Вспоминаю, как уже после войны я пригласил в Киев архитекторов для участия в конкурсе по реконструкции разрушенной немцами центральной киевской улицы Крещатик. Консультантом позвал Щусева. Тогда ни один проект не был взят за основу, что послужило толчком к выбору нового варианта решения реконструкции улицы. Крещатик – улица историческая, парадная и нарядная. Она расположена по яру, который некогда называли Крещатый Яр: по нему древнерусский князь Владимир когда-то гнал дубинками жителей Киева к Днепру, чтобы окрестить их. Поэтому улица и называется Крещатик. После совещания, уже в узком кругу, московские и киевские архитекторы расспрашивали Щусева о Киеве. Алексей Викторович рассказал тогда много интересного. Его рассказ был записан на магнитофон, но сейчас я утерял ленту, о чем очень сожалею. Щусев был буквально влюблен в Киев, и рассказ его явился как бы поэтическим отображением его пристрастия. Киев того заслуживает, он располагает к себе людей мягким климатом, цветущими каштанами, белыми акациями, новыми нарядными зданиями и «преданьями старины глубокой». Я еще остановлюсь на возрождении Крещатика.
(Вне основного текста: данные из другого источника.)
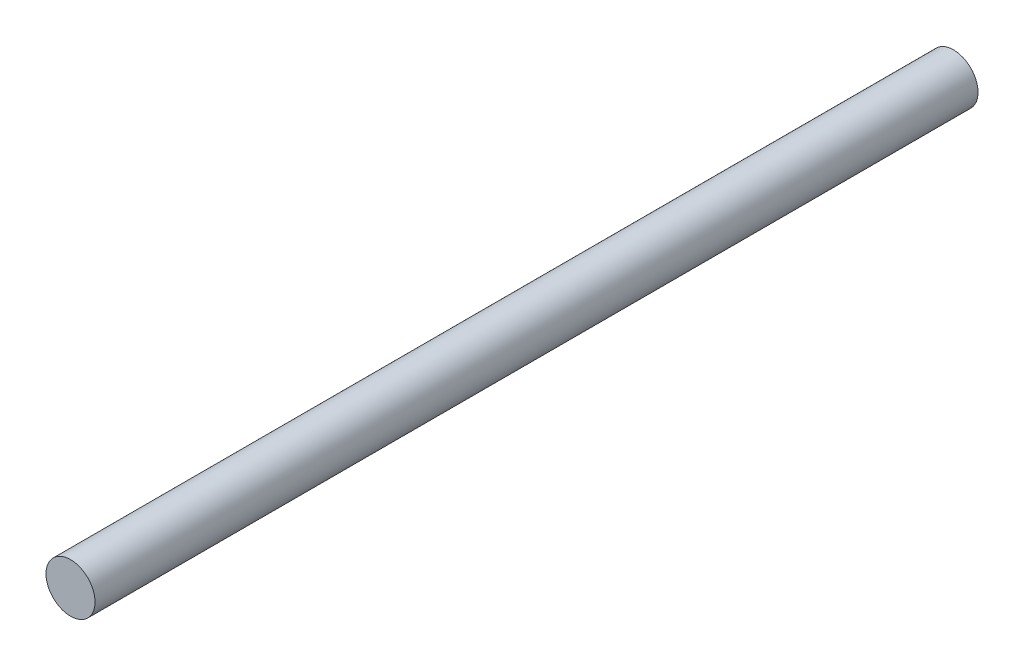
from build123d import *

# Parameters (mm, degrees)
ESQUISSE1_R        = 5
BOSS_EXTRU_1_DEPTH = 180


with BuildPart() as part:
    # Esquisse1 → Boss.-Extru.1 (new body)
    with BuildSketch(Plane.XY):
        with Locations(Location((0, 0, 0), (0, 0, 180))):
            Circle(ESQUISSE1_R)
    extrude(amount=BOSS_EXTRU_1_DEPTH)


solid = part.part

Когда Алексей Викторович приезжал в Киев, то всегда заходил ко мне в ЦК. «Вот, – говорит бывало, – приехал поговорить, отдохнуть; походил по Крещатику, сходил на Сенной базар, пирожков купил. Пирожки вку-у-сные. Откушал, потом пошел на Днепр, перебрался на Труханов остров, разделся, на горячем песочке полежал – замечательно отдохнул». Мне было приятно слушать его. Потом я обычно расспрашивал о различных проектах. Он высказывался так: «Никита Сергеевич, это все дело времени. Любым новым проектом возмущаются, критикуют его. Когда строилось здание киевской Оперы, сколько недоброго было написано, сколько испорчено бумаги и чернил, а сейчас к зданию другое отношение. Оно приятное, не имеет никаких отталкивающих свойств. Время проходит, люди привыкают, проект врастает в сознание зрителей». Я с ним был согласен.